**WHAT TO PRODUCE**
The full listing, minus its pictures, should be printed again exactly as it stands.

**RECORDS PROVIDED**
[Start of section]

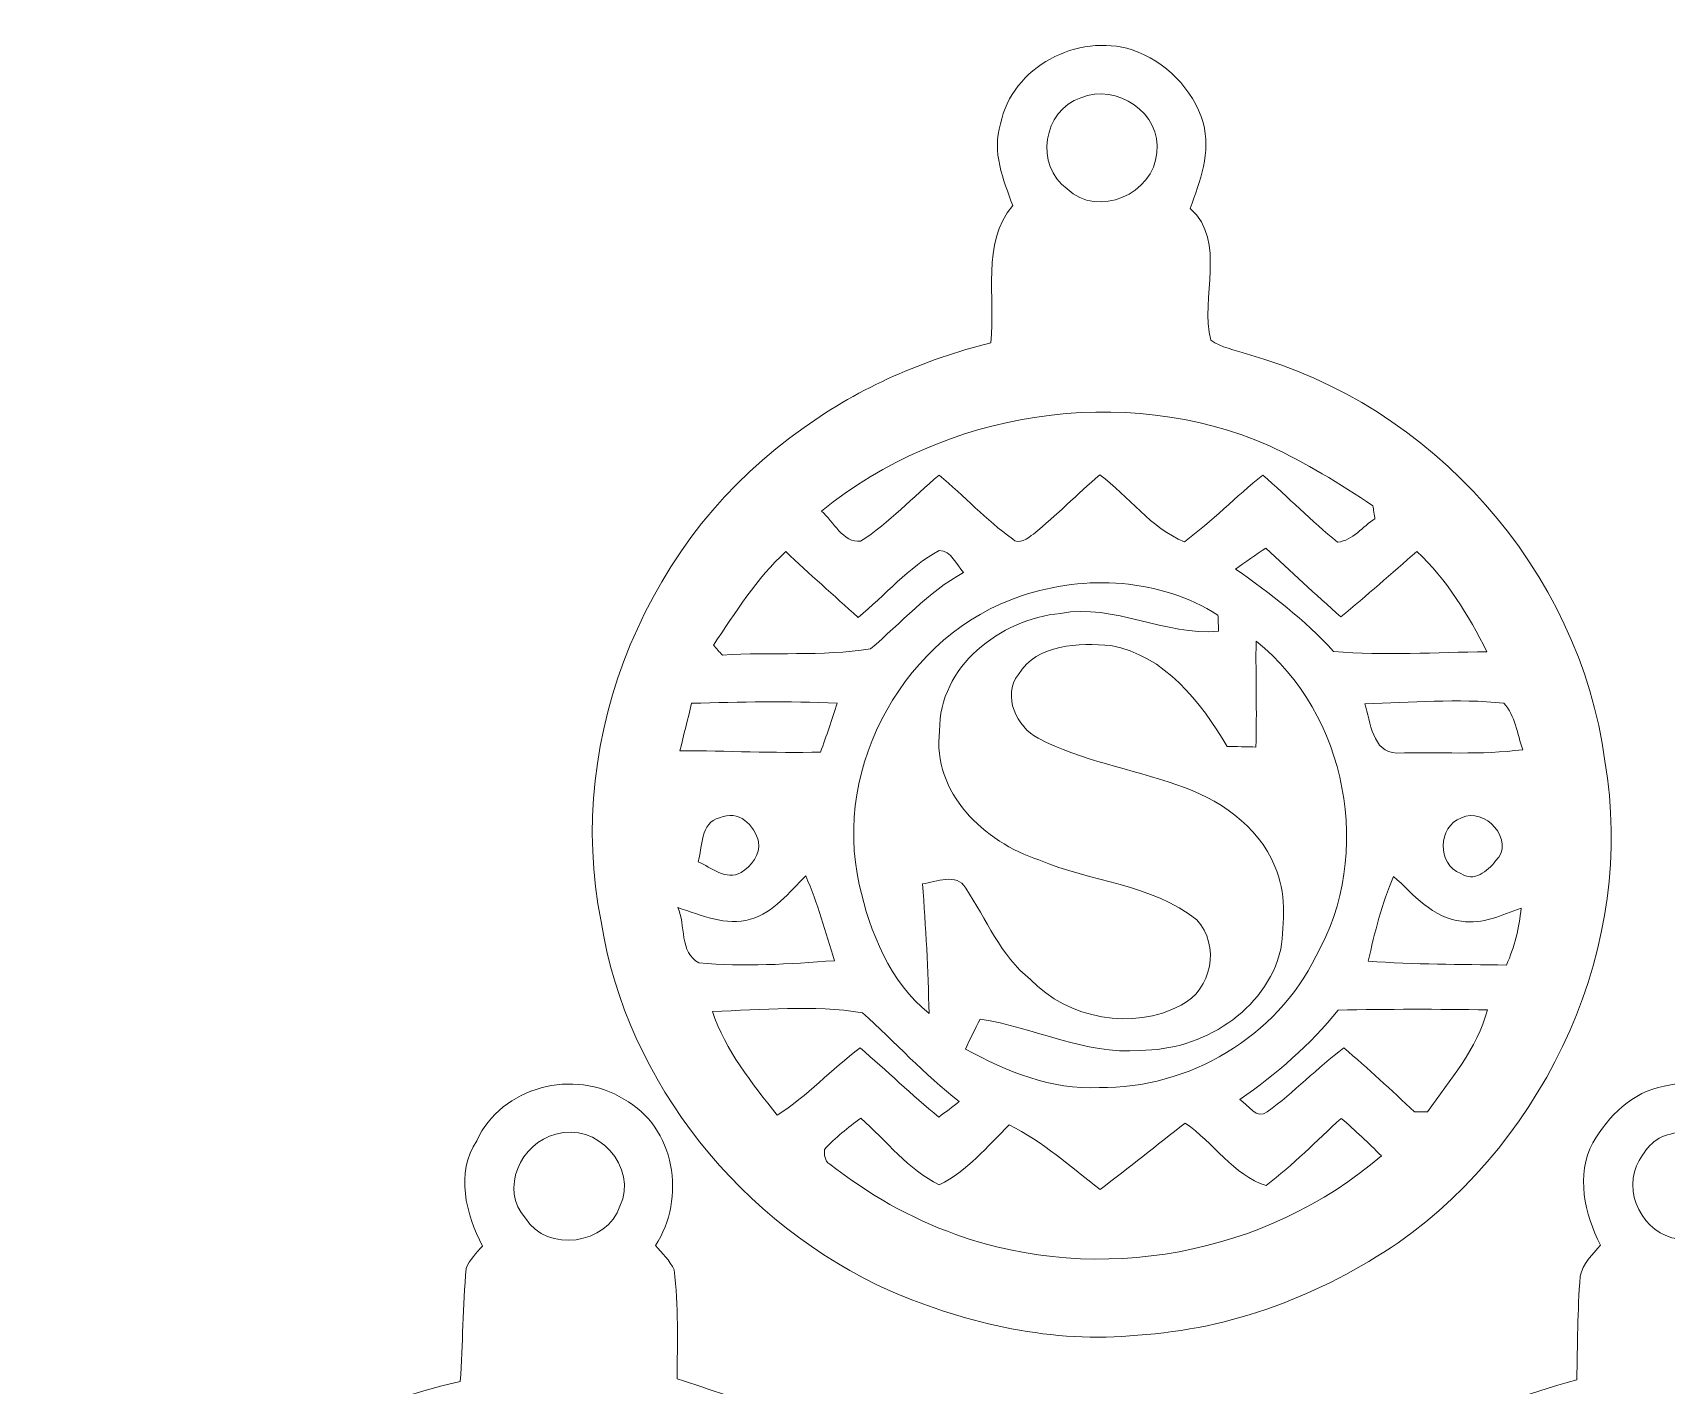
# Model space of a CAD drawing. Header units: centimetres. Extents: x -16.5 to 16.3, y -14.9 to 14.8.
# Drawn here: x -16.5 to -2.44, y 3.13 to 14.78 of the extents above; entities that cross this region are included whole.
import ezdxf

# ---------------------------------------------------------------- set-up
doc = ezdxf.new("R2010")
doc.units = ezdxf.units.CM
doc.header["$MEASUREMENT"] = 0
doc.layers.add('Layer 1', color=7, linetype='Continuous')

msp = doc.modelspace()

# ---------------------------------------------------------------- linework, layer by layer
at = {"layer": 'Layer 1', "color": 250, "lineweight": 9}
for points, knots in [([(-8.17181, 13.98947), (-8.07057, 14.48159), (-7.50789, 14.77546), (-7.03834, 14.6287), (-7.03834, 14.6287), (-6.75188, 14.53204), (-6.51446, 14.29039), (-6.42662, 14.00076), (-6.42662, 14.00076), (-6.35818, 13.74534), (-6.45379, 13.49875), (-6.5374, 13.26239), (-6.5374, 13.26239), (-6.21919, 12.97276), (-6.45908, 12.49651), (-6.36065, 12.12821), (-6.36065, 12.12821), (-6.26999, 12.0633), (-6.15604, 12.04566), (-6.05338, 12.00932), (-6.05338, 12.00932), (-4.4613, 11.57682), (-3.18389, 10.1456), (-2.9687, 8.50483), (-2.9687, 8.50483), (-2.69494, 6.93144), (-3.45482, 5.26986), (-4.7467, 4.35828), (-4.7467, 4.35828), (-5.41027, 3.90814), (-6.18532, 3.61039), (-6.98966, 3.56347), (-6.98966, 3.56347), (-7.71744, 3.48727), (-8.44875, 3.65872), (-9.11691, 3.94024), (-9.11691, 3.94024), (-10.39467, 4.51668), (-11.38915, 5.72847), (-11.61034, 7.12441), (-11.61034, 7.12441), (-11.93207, 8.72144), (-11.20041, 10.45816), (-9.86091, 11.37538), (-9.86091, 11.37538), (-9.38325, 11.72746), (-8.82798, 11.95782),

[End of section]

**WRITTEN RESPONSE**
# Model space of a CAD drawing. Header units: centimetres. Extents: x -16.5 to 16.3, y -14.9 to 14.8.
# Drawn here: x -16.5 to -2.44, y 3.13 to 14.78 of the extents above; entities that cross this region are included whole.
import ezdxf

# ---------------------------------------------------------------- set-up
doc = ezdxf.new("R2010")
doc.units = ezdxf.units.CM
doc.header["$MEASUREMENT"] = 0
doc.layers.add('Layer 1', color=7, linetype='Continuous')

msp = doc.modelspace()

# ---------------------------------------------------------------- linework, layer by layer
at = {"layer": 'Layer 1', "color": 250, "lineweight": 9}
for points, knots in [([(-8.17181, 13.98947), (-8.07057, 14.48159), (-7.50789, 14.77546), (-7.03834, 14.6287), (-7.03834, 14.6287), (-6.75188, 14.53204), (-6.51446, 14.29039), (-6.42662, 14.00076), (-6.42662, 14.00076), (-6.35818, 13.74534), (-6.45379, 13.49875), (-6.5374, 13.26239), (-6.5374, 13.26239), (-6.21919, 12.97276), (-6.45908, 12.49651), (-6.36065, 12.12821), (-6.36065, 12.12821), (-6.26999, 12.0633), (-6.15604, 12.04566), (-6.05338, 12.00932), (-6.05338, 12.00932), (-4.4613, 11.57682), (-3.18389, 10.1456), (-2.9687, 8.50483), (-2.9687, 8.50483), (-2.69494, 6.93144), (-3.45482, 5.26986), (-4.7467, 4.35828), (-4.7467, 4.35828), (-5.41027, 3.90814), (-6.18532, 3.61039), (-6.98966, 3.56347), (-6.98966, 3.56347), (-7.71744, 3.48727), (-8.44875, 3.65872), (-9.11691, 3.94024), (-9.11691, 3.94024), (-10.39467, 4.51668), (-11.38915, 5.72847), (-11.61034, 7.12441), (-11.61034, 7.12441), (-11.93207, 8.72144), (-11.20041, 10.45816), (-9.86091, 11.37538), (-9.86091, 11.37538), (-9.38325, 11.72746), (-8.82798, 11.95782),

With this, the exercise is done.